Start of Source material
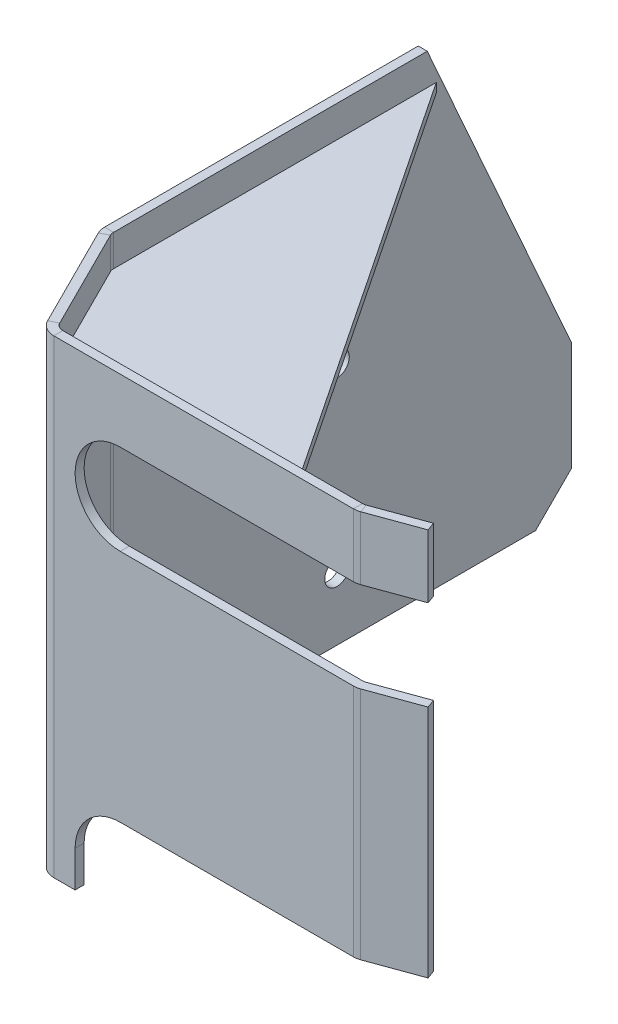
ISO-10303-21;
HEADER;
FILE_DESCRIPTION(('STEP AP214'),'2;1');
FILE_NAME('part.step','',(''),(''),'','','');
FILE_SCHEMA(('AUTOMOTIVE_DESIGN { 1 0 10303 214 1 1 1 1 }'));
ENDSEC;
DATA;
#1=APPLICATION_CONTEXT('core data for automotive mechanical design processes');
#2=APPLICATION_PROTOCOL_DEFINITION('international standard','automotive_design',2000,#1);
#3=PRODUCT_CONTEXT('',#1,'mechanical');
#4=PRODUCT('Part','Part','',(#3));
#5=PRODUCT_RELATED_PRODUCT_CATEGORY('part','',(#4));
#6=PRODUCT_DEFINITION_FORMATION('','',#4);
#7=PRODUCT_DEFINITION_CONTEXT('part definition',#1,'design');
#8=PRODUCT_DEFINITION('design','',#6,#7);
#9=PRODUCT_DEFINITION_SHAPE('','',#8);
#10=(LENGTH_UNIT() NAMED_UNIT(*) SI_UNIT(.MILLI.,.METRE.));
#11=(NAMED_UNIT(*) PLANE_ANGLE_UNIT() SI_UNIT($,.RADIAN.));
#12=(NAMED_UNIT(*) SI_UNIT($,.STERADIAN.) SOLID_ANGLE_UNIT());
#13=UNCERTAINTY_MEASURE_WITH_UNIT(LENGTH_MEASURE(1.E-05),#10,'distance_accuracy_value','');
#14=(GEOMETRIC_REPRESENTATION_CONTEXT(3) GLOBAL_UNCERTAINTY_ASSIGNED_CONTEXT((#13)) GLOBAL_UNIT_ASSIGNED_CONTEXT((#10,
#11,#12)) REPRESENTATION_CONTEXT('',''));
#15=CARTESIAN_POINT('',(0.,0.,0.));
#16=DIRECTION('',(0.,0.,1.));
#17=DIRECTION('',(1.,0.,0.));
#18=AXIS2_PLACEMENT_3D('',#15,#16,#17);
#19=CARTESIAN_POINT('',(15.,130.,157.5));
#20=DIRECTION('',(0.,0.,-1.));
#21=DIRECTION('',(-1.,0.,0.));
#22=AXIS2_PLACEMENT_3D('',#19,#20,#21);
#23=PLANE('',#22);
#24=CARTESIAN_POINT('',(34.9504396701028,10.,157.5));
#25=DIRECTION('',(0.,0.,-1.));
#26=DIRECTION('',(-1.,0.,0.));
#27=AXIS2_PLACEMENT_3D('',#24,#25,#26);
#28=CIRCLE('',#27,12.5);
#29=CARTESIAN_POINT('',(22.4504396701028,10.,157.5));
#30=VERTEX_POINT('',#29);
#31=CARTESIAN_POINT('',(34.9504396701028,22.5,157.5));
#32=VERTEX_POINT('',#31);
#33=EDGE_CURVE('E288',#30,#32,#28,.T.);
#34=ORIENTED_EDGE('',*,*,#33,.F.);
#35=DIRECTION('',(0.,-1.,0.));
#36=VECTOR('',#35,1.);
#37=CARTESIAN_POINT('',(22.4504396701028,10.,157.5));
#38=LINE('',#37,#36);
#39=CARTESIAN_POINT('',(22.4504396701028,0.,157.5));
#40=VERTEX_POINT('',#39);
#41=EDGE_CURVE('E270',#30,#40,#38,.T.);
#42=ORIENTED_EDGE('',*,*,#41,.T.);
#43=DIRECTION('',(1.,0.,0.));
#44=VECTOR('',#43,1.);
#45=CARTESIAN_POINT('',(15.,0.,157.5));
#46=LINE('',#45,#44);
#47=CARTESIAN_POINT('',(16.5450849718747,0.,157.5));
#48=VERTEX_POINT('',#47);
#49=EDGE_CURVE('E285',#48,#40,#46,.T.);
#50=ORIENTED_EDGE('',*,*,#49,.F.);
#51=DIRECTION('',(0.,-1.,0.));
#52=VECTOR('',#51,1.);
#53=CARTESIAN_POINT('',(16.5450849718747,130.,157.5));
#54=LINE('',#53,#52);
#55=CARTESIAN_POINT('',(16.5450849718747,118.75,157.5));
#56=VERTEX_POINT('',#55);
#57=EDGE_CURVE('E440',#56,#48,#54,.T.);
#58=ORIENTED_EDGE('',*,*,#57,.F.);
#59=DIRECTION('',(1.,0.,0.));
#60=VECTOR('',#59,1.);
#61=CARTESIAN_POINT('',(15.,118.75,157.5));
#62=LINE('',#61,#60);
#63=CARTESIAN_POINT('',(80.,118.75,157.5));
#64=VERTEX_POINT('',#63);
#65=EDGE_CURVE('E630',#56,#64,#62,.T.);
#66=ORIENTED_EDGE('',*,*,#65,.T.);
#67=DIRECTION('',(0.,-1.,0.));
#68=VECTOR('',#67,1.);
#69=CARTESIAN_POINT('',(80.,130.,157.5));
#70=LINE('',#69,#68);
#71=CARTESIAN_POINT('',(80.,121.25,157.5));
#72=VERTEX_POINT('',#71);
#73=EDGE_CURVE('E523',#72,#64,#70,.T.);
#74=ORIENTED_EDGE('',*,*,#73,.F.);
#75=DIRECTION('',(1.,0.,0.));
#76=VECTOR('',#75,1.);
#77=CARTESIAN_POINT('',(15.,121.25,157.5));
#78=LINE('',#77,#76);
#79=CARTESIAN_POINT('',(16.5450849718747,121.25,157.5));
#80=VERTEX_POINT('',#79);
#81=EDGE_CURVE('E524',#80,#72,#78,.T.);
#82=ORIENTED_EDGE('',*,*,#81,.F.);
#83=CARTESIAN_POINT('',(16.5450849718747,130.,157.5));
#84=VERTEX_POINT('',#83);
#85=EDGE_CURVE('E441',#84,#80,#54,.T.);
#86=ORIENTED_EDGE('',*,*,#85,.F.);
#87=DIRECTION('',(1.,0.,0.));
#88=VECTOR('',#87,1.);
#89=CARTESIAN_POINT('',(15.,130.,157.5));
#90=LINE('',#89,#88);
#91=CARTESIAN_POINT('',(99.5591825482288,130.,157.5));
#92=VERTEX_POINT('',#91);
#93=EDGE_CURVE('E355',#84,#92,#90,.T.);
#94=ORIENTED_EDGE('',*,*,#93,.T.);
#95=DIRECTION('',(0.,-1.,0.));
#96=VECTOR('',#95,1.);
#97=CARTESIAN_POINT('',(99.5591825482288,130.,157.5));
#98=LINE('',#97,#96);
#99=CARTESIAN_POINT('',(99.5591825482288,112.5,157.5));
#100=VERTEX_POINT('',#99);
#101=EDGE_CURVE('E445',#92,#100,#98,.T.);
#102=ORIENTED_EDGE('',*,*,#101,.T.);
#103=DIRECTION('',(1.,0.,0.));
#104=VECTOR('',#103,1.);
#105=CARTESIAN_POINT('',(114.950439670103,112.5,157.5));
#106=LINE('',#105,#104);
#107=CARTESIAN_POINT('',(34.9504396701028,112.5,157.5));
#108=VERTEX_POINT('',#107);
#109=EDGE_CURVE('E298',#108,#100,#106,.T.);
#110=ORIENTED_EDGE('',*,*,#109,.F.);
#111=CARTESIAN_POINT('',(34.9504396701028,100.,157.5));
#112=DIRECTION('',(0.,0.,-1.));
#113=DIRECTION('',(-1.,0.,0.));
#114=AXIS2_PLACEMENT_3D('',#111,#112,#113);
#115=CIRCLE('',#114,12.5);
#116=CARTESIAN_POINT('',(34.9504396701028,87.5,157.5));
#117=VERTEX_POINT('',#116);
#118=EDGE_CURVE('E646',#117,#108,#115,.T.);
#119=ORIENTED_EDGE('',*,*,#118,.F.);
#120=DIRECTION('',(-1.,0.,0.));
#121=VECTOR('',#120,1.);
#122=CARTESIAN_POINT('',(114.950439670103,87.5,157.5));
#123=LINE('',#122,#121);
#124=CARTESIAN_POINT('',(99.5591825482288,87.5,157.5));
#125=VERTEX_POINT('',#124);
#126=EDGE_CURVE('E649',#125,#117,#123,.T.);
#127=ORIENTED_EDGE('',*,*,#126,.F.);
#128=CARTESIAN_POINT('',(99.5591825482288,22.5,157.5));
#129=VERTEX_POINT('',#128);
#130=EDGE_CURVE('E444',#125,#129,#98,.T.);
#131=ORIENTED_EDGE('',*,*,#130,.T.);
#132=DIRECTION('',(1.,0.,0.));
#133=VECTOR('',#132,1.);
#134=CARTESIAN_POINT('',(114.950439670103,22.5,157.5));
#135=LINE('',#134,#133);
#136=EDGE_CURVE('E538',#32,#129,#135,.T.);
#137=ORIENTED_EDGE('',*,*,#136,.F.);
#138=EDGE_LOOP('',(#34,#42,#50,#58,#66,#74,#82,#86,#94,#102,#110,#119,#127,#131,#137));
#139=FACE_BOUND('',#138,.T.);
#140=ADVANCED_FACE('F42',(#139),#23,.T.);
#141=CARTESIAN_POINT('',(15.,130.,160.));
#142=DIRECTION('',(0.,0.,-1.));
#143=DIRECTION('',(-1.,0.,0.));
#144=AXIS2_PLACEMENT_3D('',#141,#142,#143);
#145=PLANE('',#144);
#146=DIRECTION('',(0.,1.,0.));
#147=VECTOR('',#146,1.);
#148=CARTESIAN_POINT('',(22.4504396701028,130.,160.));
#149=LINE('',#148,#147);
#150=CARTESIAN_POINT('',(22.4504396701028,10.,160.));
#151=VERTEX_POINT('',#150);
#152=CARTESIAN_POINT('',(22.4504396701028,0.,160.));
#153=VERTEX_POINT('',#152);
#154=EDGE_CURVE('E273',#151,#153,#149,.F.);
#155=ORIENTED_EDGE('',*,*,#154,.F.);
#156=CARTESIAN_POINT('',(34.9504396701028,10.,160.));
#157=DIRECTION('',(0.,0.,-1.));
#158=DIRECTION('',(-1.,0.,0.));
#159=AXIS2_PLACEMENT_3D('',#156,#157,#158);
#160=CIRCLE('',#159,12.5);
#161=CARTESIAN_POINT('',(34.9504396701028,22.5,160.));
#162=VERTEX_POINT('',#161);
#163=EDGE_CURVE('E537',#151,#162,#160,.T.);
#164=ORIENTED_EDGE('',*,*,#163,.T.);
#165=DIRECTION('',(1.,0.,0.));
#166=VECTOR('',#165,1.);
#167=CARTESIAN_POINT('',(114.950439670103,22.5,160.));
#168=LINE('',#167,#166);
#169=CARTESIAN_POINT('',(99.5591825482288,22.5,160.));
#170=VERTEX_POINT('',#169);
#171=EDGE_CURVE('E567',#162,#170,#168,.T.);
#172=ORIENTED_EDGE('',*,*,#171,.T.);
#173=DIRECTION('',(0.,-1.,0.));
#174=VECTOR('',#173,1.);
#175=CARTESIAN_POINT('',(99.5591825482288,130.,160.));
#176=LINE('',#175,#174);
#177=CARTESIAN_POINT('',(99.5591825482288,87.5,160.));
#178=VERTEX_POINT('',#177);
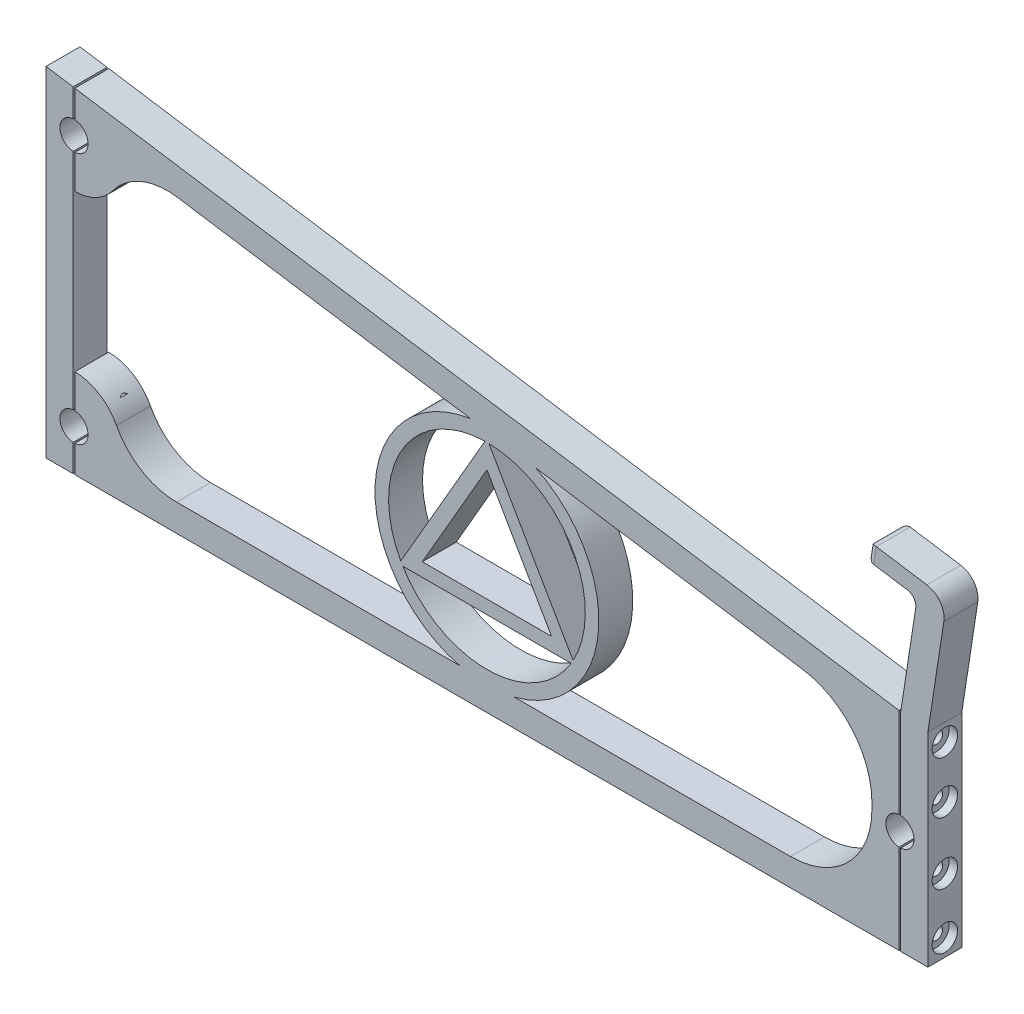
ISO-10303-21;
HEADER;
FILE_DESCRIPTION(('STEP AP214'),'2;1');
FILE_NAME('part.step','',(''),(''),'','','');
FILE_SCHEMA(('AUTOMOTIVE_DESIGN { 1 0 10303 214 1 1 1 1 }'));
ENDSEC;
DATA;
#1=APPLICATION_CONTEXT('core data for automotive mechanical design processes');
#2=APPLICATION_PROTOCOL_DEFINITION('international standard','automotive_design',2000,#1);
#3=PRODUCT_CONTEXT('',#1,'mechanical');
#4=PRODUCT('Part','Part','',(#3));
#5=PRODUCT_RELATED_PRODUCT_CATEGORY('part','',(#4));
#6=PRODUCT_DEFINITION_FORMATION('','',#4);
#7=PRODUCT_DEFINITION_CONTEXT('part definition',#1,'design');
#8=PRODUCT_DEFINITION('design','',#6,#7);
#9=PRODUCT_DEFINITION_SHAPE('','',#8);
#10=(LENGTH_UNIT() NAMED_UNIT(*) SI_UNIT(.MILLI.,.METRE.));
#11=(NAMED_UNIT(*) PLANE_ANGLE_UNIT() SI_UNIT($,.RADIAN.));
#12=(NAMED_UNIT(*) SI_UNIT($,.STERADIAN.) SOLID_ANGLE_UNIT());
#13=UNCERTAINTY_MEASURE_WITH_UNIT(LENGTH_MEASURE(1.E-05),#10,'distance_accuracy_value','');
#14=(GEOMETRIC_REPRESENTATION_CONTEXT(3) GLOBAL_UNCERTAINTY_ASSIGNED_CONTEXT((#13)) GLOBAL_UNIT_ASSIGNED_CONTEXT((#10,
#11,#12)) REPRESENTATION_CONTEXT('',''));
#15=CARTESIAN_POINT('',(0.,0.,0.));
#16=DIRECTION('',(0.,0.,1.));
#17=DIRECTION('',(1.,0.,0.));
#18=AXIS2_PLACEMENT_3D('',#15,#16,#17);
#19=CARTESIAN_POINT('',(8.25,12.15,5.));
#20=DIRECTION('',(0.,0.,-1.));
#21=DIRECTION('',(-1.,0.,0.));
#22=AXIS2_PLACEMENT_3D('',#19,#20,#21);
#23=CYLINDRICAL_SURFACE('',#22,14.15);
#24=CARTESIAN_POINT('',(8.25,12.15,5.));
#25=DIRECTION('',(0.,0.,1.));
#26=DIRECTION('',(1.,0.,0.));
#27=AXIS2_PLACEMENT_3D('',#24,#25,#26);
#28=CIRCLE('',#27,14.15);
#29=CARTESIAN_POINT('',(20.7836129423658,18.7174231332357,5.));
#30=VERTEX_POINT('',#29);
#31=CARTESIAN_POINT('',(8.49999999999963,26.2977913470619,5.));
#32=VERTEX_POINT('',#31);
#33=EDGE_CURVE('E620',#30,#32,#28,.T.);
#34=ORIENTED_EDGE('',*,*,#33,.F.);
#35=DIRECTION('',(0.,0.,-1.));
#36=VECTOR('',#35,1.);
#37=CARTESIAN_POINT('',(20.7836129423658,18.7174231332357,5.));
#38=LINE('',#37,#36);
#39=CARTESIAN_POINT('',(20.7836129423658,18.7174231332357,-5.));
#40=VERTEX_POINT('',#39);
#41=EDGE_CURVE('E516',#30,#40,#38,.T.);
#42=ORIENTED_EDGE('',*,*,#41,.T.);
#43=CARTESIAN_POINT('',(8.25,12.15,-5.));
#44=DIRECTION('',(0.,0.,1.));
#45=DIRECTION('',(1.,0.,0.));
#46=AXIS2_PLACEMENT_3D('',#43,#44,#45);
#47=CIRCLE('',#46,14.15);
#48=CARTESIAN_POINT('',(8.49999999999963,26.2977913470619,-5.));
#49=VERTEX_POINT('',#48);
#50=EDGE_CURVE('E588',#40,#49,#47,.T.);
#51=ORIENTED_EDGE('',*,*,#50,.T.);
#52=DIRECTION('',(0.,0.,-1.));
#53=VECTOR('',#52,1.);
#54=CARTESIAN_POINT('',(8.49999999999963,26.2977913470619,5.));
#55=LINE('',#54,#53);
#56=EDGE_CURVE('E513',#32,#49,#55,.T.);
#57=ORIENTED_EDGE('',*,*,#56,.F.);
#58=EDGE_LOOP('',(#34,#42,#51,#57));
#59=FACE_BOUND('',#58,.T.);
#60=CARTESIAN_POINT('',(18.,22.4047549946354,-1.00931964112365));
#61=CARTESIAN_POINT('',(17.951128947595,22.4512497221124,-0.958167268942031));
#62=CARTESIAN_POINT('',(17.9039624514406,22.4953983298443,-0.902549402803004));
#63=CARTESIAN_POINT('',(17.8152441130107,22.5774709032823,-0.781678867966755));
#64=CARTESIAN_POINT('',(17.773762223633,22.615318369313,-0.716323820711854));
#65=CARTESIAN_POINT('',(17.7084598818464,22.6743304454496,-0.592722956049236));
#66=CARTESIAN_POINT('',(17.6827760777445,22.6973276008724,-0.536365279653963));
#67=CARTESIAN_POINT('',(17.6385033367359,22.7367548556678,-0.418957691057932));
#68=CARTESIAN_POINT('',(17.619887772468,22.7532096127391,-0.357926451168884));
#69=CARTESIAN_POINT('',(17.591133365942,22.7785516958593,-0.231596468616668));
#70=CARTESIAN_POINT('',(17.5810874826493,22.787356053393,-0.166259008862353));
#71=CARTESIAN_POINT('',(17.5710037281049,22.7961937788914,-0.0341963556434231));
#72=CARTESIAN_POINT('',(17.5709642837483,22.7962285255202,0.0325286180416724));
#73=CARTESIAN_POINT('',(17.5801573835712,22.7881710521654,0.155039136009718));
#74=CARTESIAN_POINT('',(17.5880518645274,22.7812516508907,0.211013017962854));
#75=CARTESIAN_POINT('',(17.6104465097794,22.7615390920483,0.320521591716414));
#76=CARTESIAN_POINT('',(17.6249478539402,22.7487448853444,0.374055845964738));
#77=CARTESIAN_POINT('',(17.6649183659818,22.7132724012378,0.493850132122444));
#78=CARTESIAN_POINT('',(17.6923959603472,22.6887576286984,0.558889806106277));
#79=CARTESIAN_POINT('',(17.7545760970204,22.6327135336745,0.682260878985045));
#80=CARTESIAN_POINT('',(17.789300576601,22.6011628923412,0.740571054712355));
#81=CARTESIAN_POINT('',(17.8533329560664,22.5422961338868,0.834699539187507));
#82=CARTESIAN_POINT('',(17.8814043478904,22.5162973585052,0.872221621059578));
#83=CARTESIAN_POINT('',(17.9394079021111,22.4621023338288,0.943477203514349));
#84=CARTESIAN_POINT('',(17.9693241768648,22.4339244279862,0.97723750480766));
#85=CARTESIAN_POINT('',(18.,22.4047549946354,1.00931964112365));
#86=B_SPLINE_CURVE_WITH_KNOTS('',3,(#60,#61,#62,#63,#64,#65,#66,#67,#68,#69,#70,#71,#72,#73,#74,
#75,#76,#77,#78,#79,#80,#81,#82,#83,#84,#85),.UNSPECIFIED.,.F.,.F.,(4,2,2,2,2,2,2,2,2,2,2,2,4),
End of Source material
• _The problem_
Repeat only the lines between the top of the entries above and the line containing "#28=CIRCLE('',#27,12.5);", both ends included, without the pictures.

• _Problem solution_
ISO-10303-21;
HEADER;
FILE_DESCRIPTION(('STEP AP214'),'2;1');
FILE_NAME('part.step','',(''),(''),'','','');
FILE_SCHEMA(('AUTOMOTIVE_DESIGN { 1 0 10303 214 1 1 1 1 }'));
ENDSEC;
DATA;
#1=APPLICATION_CONTEXT('core data for automotive mechanical design processes');
#2=APPLICATION_PROTOCOL_DEFINITION('international standard','automotive_design',2000,#1);
#3=PRODUCT_CONTEXT('',#1,'mechanical');
#4=PRODUCT('Part','Part','',(#3));
#5=PRODUCT_RELATED_PRODUCT_CATEGORY('part','',(#4));
#6=PRODUCT_DEFINITION_FORMATION('','',#4);
#7=PRODUCT_DEFINITION_CONTEXT('part definition',#1,'design');
#8=PRODUCT_DEFINITION('design','',#6,#7);
#9=PRODUCT_DEFINITION_SHAPE('','',#8);
#10=(LENGTH_UNIT() NAMED_UNIT(*) SI_UNIT(.MILLI.,.METRE.));
#11=(NAMED_UNIT(*) PLANE_ANGLE_UNIT() SI_UNIT($,.RADIAN.));
#12=(NAMED_UNIT(*) SI_UNIT($,.STERADIAN.) SOLID_ANGLE_UNIT());
#13=UNCERTAINTY_MEASURE_WITH_UNIT(LENGTH_MEASURE(1.E-05),#10,'distance_accuracy_value','');
#14=(GEOMETRIC_REPRESENTATION_CONTEXT(3) GLOBAL_UNCERTAINTY_ASSIGNED_CONTEXT((#13)) GLOBAL_UNIT_ASSIGNED_CONTEXT((#10,
#11,#12)) REPRESENTATION_CONTEXT('',''));
#15=CARTESIAN_POINT('',(0.,0.,0.));
#16=DIRECTION('',(0.,0.,1.));
#17=DIRECTION('',(1.,0.,0.));
#18=AXIS2_PLACEMENT_3D('',#15,#16,#17);
#19=CARTESIAN_POINT('',(15.,130.,157.5));
#20=DIRECTION('',(0.,0.,-1.));
#21=DIRECTION('',(-1.,0.,0.));
#22=AXIS2_PLACEMENT_3D('',#19,#20,#21);
#23=PLANE('',#22);
#24=CARTESIAN_POINT('',(34.9504396701028,10.,157.5));
#25=DIRECTION('',(0.,0.,-1.));
#26=DIRECTION('',(-1.,0.,0.));
#27=AXIS2_PLACEMENT_3D('',#24,#25,#26);
#28=CIRCLE('',#27,12.5);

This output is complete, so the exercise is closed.